(Records excerpted from a collection)
-=-=-

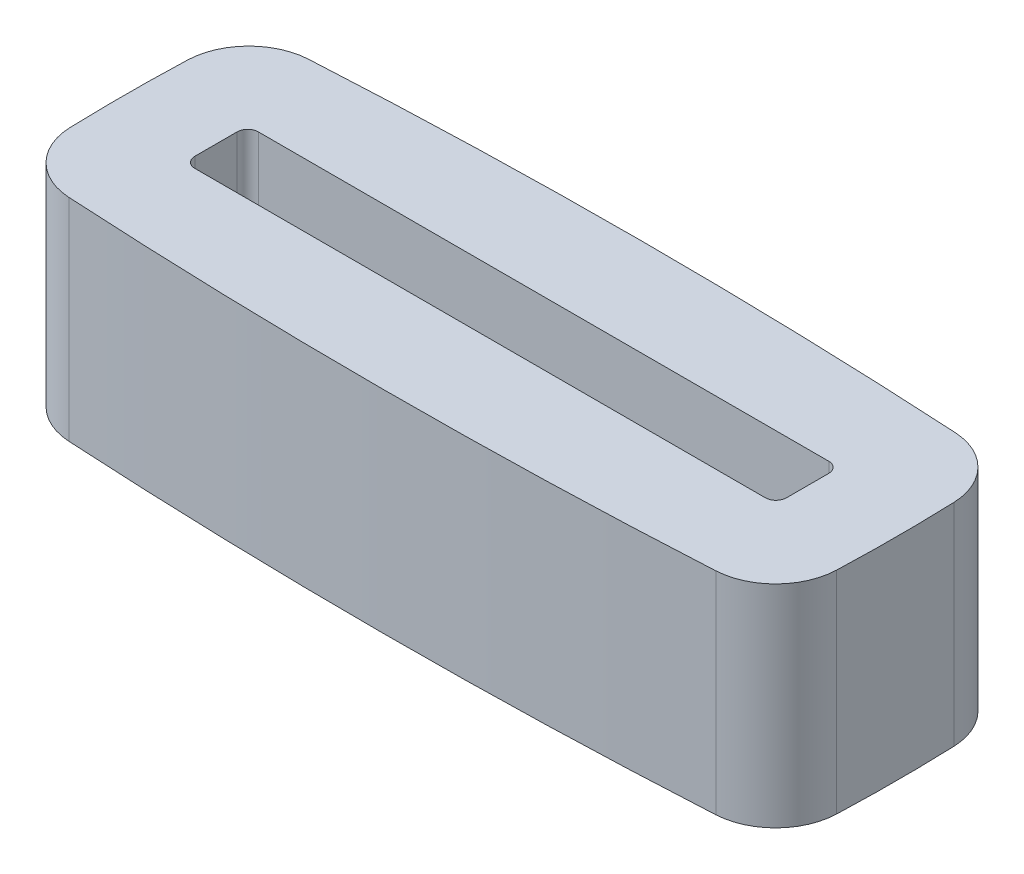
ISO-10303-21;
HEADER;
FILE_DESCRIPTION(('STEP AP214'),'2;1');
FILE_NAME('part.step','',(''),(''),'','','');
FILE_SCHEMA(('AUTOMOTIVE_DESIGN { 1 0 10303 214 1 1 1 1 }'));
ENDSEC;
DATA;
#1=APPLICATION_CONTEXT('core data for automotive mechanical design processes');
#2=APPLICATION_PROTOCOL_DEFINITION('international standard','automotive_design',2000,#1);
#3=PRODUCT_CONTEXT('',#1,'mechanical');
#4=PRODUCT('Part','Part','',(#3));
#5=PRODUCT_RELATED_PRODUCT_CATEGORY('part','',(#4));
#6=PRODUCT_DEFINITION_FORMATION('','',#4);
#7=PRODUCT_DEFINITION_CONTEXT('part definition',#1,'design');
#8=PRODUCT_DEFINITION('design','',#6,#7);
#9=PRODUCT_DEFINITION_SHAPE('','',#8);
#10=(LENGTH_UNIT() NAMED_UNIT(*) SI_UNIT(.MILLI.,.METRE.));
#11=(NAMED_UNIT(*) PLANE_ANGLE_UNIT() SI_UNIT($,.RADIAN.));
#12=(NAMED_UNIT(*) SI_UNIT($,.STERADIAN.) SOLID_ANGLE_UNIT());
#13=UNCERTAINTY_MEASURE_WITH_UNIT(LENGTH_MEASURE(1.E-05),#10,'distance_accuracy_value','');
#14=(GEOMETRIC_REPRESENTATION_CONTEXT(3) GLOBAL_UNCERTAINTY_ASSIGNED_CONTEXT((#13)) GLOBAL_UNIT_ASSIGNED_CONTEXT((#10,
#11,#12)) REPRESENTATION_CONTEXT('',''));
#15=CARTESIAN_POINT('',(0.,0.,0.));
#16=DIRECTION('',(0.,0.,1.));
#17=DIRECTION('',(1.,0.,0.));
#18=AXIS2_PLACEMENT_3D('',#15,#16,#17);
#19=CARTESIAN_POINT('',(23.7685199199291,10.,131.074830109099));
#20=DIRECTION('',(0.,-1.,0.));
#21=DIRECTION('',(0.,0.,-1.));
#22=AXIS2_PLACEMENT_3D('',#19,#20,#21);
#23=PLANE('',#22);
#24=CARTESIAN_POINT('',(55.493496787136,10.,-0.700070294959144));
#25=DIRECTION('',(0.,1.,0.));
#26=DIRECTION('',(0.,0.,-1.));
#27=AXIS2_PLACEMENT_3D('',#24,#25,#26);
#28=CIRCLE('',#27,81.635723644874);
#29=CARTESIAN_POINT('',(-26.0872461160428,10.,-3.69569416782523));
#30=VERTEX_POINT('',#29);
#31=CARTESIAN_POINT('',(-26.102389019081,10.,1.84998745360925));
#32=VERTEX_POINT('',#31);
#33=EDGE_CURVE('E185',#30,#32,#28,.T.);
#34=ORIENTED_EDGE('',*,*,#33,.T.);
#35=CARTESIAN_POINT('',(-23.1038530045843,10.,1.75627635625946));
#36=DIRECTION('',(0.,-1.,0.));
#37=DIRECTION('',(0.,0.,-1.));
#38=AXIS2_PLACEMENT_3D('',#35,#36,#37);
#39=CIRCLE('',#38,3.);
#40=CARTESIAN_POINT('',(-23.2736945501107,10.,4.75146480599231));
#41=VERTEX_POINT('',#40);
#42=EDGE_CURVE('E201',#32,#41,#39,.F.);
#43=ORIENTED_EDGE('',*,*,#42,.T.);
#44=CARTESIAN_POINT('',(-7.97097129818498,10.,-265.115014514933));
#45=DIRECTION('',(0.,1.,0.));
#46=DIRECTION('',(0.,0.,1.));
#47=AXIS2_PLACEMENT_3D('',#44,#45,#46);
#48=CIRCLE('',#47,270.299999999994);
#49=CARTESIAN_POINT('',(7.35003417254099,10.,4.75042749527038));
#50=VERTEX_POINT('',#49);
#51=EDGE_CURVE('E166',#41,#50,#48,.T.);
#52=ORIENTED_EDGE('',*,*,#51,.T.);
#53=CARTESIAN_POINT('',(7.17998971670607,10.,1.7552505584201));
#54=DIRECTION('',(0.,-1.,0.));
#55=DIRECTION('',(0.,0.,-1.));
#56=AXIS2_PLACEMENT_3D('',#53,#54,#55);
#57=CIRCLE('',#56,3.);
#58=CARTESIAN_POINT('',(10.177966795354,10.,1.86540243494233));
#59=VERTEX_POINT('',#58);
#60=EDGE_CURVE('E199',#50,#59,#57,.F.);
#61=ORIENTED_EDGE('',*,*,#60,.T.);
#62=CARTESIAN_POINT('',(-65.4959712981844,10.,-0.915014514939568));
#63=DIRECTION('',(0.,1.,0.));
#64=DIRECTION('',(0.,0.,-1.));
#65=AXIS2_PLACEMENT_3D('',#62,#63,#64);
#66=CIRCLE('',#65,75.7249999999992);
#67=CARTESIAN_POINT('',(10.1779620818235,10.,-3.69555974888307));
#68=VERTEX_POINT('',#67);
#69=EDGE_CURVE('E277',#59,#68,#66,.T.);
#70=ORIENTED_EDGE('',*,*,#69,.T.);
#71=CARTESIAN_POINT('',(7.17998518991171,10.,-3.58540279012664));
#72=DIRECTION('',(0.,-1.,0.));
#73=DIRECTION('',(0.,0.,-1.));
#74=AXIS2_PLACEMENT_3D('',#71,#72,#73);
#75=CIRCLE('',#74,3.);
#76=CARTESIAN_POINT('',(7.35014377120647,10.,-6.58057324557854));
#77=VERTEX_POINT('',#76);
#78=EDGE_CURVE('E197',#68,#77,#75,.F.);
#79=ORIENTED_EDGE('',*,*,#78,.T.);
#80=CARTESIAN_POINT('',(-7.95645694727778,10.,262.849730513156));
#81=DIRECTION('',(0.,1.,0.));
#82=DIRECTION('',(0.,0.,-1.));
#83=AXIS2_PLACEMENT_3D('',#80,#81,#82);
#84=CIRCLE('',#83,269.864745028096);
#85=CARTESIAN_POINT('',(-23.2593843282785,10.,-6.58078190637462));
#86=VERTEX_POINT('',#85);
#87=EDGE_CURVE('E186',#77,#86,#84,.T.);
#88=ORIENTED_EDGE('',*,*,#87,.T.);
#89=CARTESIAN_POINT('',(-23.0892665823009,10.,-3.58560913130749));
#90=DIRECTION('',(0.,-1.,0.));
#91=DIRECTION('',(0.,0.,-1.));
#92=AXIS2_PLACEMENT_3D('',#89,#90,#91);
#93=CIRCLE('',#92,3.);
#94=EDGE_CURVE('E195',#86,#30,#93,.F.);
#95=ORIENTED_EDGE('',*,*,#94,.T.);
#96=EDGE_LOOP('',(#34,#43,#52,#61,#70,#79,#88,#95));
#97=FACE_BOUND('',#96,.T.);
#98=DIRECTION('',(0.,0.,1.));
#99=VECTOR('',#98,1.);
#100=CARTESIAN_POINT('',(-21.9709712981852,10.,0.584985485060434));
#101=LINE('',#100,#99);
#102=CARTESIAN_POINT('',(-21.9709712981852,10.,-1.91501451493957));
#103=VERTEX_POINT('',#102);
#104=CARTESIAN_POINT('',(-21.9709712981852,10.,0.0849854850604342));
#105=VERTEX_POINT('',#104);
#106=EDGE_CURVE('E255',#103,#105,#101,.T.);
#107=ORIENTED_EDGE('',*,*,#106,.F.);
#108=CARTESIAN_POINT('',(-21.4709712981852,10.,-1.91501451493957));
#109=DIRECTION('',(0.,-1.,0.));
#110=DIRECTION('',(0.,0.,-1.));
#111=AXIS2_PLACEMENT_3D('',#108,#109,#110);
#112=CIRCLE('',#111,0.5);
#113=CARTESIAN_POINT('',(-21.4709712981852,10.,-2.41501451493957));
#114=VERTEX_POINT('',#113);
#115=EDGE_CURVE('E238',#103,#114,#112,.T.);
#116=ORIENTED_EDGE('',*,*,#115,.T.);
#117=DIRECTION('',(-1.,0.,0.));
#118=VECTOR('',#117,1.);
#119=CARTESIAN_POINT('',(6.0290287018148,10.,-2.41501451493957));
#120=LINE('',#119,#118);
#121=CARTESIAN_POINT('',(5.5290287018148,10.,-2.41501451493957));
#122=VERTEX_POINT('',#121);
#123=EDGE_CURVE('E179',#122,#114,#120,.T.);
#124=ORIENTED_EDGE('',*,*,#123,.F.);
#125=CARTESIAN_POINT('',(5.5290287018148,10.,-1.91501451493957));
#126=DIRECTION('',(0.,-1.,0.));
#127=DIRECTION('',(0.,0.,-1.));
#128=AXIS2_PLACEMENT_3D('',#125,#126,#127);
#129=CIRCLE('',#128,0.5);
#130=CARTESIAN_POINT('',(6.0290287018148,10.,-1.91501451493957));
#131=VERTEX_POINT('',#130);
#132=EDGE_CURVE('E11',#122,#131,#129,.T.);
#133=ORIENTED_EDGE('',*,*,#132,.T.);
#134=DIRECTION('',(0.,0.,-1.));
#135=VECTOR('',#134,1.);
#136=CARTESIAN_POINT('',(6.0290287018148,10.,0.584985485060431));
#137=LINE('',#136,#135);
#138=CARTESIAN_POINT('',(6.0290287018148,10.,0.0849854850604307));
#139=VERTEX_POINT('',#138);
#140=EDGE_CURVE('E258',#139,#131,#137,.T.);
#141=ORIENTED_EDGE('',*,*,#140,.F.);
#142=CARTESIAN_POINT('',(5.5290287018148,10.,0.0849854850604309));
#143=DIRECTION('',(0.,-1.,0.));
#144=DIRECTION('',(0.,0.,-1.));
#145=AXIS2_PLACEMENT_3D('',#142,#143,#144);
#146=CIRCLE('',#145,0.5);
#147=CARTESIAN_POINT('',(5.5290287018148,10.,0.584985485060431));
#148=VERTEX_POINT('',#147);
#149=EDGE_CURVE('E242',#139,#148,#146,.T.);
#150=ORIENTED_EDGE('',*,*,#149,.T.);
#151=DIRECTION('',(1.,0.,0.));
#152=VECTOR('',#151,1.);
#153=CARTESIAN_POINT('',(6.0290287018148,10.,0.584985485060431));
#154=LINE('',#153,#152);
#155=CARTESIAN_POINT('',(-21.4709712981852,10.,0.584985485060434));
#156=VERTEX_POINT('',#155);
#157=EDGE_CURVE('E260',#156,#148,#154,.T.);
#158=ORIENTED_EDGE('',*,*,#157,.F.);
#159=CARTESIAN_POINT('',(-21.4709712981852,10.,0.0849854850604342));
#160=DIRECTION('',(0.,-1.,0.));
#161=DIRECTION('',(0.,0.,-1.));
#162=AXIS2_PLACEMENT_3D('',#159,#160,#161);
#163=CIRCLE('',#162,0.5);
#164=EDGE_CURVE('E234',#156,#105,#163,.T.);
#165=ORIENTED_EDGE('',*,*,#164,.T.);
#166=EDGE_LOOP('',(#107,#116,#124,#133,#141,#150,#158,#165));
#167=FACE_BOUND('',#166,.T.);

-=-=-

■ **EXERCISE REQUIREMENTS**
What you give back must be the stretch above, starting at the line with "#151=DIRECTION('',(1.,0.,0.));" and ending at the line with "#166=EDGE_LOOP('',(#107,#116,#124,#133,#141,#150,#158,#165));", copied exactly.

■ **SOLUTION TO THIS PROBLEM**
#151=DIRECTION('',(1.,0.,0.));
#152=VECTOR('',#151,1.);
#153=CARTESIAN_POINT('',(6.0290287018148,10.,0.584985485060431));
#154=LINE('',#153,#152);
#155=CARTESIAN_POINT('',(-21.4709712981852,10.,0.584985485060434));
#156=VERTEX_POINT('',#155);
#157=EDGE_CURVE('E260',#156,#148,#154,.T.);
#158=ORIENTED_EDGE('',*,*,#157,.F.);
#159=CARTESIAN_POINT('',(-21.4709712981852,10.,0.0849854850604342));
#160=DIRECTION('',(0.,-1.,0.));
#161=DIRECTION('',(0.,0.,-1.));
#162=AXIS2_PLACEMENT_3D('',#159,#160,#161);
#163=CIRCLE('',#162,0.5);
#164=EDGE_CURVE('E234',#156,#105,#163,.T.);
#165=ORIENTED_EDGE('',*,*,#164,.T.);
#166=EDGE_LOOP('',(#107,#116,#124,#133,#141,#150,#158,#165));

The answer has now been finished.